Here is a block of entries. Write out its lines exactly, from the first through the one containing "Kd_rot = 0.01".
#### Given entries
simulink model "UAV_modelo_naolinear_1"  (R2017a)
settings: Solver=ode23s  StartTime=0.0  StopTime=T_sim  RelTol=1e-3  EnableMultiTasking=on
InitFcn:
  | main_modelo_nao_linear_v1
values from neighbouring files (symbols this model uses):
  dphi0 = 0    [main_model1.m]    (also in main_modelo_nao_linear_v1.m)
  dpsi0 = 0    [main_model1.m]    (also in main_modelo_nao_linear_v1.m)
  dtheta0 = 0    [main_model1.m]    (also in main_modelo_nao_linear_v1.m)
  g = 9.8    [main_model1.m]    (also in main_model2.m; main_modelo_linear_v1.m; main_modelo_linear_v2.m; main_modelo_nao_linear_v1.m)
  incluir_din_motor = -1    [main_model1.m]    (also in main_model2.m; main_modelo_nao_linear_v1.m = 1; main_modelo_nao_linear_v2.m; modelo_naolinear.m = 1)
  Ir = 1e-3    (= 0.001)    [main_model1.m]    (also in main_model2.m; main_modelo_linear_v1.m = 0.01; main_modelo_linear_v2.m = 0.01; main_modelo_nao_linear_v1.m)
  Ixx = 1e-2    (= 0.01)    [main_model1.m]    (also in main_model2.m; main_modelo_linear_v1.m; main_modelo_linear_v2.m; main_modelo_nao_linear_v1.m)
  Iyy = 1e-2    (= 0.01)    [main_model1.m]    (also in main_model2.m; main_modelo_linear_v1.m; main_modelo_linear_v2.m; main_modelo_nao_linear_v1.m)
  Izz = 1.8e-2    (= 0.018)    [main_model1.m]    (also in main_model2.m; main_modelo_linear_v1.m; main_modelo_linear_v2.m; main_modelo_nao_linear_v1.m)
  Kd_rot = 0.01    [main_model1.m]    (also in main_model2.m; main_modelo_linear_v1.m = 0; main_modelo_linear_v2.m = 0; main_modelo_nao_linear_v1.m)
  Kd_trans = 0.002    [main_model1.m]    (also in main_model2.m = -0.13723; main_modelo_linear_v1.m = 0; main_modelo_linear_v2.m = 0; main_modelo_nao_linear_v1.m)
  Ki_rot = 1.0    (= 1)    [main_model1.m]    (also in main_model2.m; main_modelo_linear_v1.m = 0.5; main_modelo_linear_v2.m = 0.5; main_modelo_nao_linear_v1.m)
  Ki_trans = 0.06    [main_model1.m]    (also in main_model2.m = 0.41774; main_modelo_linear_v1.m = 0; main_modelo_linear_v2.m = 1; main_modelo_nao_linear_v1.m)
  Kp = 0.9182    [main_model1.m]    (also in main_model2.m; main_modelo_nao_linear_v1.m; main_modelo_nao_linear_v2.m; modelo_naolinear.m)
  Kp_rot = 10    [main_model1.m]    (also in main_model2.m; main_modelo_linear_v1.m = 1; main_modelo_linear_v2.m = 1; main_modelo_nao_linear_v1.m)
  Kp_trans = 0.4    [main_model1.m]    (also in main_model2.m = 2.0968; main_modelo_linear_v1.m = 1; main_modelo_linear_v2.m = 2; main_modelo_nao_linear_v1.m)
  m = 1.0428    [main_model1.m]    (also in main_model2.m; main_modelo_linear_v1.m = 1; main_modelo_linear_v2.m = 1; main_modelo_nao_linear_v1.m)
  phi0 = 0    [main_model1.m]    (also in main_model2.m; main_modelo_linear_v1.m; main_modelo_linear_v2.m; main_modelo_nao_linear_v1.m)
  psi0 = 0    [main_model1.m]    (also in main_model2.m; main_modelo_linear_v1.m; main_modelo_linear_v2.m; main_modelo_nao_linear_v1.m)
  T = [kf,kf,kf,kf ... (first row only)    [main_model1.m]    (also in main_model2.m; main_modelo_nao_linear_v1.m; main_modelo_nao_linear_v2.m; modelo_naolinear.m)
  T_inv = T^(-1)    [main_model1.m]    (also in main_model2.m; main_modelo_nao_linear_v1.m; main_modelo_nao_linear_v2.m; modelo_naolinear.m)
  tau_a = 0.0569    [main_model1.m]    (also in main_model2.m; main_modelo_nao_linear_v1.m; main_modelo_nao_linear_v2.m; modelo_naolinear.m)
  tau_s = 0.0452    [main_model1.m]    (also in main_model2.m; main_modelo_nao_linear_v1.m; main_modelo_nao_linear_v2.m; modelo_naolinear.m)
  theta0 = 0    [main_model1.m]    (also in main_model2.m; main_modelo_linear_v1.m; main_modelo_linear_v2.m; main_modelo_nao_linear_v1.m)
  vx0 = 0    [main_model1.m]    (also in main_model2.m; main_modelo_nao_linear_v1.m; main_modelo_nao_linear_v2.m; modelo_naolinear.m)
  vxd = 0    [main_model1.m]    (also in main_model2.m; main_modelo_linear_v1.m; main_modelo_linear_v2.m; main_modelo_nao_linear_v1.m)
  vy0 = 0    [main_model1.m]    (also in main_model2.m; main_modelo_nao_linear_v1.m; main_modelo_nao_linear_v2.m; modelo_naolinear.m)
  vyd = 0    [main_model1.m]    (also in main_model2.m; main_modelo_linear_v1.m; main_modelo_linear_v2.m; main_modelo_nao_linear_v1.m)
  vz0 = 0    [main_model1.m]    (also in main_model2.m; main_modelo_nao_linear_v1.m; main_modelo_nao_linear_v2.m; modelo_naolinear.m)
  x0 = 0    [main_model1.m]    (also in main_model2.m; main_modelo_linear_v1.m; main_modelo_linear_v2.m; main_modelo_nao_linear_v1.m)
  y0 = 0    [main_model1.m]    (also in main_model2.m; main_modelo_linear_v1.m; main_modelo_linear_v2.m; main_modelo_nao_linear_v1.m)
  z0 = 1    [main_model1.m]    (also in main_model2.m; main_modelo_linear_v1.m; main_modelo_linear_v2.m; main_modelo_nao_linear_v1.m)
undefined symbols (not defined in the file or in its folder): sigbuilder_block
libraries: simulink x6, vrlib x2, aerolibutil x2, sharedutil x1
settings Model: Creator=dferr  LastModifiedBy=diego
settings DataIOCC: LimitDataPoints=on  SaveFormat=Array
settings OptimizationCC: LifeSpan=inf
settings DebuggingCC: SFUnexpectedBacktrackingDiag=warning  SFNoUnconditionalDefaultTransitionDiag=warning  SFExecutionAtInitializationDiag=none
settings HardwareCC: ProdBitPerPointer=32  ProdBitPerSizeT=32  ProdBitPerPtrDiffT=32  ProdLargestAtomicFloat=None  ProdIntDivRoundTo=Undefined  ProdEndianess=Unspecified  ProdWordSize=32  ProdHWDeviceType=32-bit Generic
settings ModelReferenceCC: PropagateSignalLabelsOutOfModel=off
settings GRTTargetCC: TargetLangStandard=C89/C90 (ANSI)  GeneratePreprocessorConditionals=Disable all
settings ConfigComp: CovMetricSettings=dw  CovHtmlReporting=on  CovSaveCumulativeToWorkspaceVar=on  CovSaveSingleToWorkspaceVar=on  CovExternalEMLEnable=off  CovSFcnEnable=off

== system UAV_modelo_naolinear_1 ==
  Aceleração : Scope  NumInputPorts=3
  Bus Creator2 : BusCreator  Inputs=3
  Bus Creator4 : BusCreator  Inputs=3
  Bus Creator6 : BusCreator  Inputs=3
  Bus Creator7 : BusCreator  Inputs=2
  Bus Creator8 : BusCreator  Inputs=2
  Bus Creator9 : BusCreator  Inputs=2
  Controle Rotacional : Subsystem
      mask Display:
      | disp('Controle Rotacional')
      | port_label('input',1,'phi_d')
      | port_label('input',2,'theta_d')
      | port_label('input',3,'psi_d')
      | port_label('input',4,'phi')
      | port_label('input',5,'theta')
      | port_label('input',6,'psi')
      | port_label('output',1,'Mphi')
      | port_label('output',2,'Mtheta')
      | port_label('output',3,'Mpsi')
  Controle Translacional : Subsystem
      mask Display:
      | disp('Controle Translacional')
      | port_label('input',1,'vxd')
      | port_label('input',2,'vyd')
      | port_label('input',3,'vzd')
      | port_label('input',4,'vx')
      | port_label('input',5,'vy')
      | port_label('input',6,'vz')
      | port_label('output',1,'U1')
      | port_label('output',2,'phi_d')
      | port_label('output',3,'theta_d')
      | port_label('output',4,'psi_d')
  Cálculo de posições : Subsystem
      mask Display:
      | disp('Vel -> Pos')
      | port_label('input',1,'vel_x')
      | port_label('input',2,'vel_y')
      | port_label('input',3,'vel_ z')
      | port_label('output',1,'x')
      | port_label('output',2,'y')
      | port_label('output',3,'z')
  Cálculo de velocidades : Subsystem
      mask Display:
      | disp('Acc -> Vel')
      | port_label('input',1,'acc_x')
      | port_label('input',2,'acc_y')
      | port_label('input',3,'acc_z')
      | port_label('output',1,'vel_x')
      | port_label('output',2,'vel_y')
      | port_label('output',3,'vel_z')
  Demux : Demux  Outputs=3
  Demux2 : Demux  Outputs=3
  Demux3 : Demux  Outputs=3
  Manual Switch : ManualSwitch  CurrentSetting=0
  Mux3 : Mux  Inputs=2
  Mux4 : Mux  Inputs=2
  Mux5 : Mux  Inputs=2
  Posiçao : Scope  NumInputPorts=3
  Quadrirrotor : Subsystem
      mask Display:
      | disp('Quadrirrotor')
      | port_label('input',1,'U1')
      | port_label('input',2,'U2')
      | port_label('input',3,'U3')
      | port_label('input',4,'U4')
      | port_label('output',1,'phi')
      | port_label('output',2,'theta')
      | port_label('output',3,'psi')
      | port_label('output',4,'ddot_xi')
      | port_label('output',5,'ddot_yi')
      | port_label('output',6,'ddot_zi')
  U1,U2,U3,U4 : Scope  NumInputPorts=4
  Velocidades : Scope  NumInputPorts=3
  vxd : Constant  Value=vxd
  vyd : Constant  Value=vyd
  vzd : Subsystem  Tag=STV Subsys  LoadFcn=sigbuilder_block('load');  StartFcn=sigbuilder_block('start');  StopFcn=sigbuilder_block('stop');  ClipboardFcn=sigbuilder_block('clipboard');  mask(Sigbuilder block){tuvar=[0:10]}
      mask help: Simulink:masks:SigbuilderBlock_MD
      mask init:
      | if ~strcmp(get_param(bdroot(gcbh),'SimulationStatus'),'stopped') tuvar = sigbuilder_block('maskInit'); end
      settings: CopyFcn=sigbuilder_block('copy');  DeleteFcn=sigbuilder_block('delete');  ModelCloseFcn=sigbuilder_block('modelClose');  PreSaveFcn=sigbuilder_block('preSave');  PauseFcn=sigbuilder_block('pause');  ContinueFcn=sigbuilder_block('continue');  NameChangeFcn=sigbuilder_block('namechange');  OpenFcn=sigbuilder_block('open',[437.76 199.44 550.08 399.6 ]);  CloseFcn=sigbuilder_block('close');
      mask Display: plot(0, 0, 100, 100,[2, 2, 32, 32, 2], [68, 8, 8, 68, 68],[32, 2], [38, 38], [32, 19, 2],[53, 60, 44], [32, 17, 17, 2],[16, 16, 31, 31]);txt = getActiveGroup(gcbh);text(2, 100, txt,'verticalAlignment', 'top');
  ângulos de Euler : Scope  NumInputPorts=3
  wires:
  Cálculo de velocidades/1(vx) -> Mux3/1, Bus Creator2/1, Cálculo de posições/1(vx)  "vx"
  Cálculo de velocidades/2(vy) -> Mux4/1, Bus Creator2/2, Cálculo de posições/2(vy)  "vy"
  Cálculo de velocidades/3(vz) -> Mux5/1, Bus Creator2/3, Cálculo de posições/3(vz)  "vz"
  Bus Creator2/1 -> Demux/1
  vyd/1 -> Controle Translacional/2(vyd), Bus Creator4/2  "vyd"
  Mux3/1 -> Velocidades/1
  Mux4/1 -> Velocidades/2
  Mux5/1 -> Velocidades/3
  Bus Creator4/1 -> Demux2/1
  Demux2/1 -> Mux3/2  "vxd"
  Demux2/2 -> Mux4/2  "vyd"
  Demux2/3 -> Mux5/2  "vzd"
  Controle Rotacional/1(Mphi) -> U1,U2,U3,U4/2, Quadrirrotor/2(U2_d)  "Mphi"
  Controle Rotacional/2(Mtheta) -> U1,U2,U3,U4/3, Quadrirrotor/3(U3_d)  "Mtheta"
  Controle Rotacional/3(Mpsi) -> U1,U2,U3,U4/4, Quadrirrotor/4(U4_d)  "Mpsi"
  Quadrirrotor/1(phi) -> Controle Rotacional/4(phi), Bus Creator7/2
########
* **Exercise result**:
simulink model "UAV_modelo_naolinear_1"  (R2017a)
settings: Solver=ode23s  StartTime=0.0  StopTime=T_sim  RelTol=1e-3  EnableMultiTasking=on
InitFcn:
  | main_modelo_nao_linear_v1
values from neighbouring files (symbols this model uses):
  dphi0 = 0    [main_model1.m]    (also in main_modelo_nao_linear_v1.m)
  dpsi0 = 0    [main_model1.m]    (also in main_modelo_nao_linear_v1.m)
  dtheta0 = 0    [main_model1.m]    (also in main_modelo_nao_linear_v1.m)
  g = 9.8    [main_model1.m]    (also in main_model2.m; main_modelo_linear_v1.m; main_modelo_linear_v2.m; main_modelo_nao_linear_v1.m)
  incluir_din_motor = -1    [main_model1.m]    (also in main_model2.m; main_modelo_nao_linear_v1.m = 1; main_modelo_nao_linear_v2.m; modelo_naolinear.m = 1)
  Ir = 1e-3    (= 0.001)    [main_model1.m]    (also in main_model2.m; main_modelo_linear_v1.m = 0.01; main_modelo_linear_v2.m = 0.01; main_modelo_nao_linear_v1.m)
  Ixx = 1e-2    (= 0.01)    [main_model1.m]    (also in main_model2.m; main_modelo_linear_v1.m; main_modelo_linear_v2.m; main_modelo_nao_linear_v1.m)
  Iyy = 1e-2    (= 0.01)    [main_model1.m]    (also in main_model2.m; main_modelo_linear_v1.m; main_modelo_linear_v2.m; main_modelo_nao_linear_v1.m)
  Izz = 1.8e-2    (= 0.018)    [main_model1.m]    (also in main_model2.m; main_modelo_linear_v1.m; main_modelo_linear_v2.m; main_modelo_nao_linear_v1.m)
  Kd_rot = 0.01    [main_model1.m]    (also in main_model2.m; main_modelo_linear_v1.m = 0; main_modelo_linear_v2.m = 0; main_modelo_nao_linear_v1.m)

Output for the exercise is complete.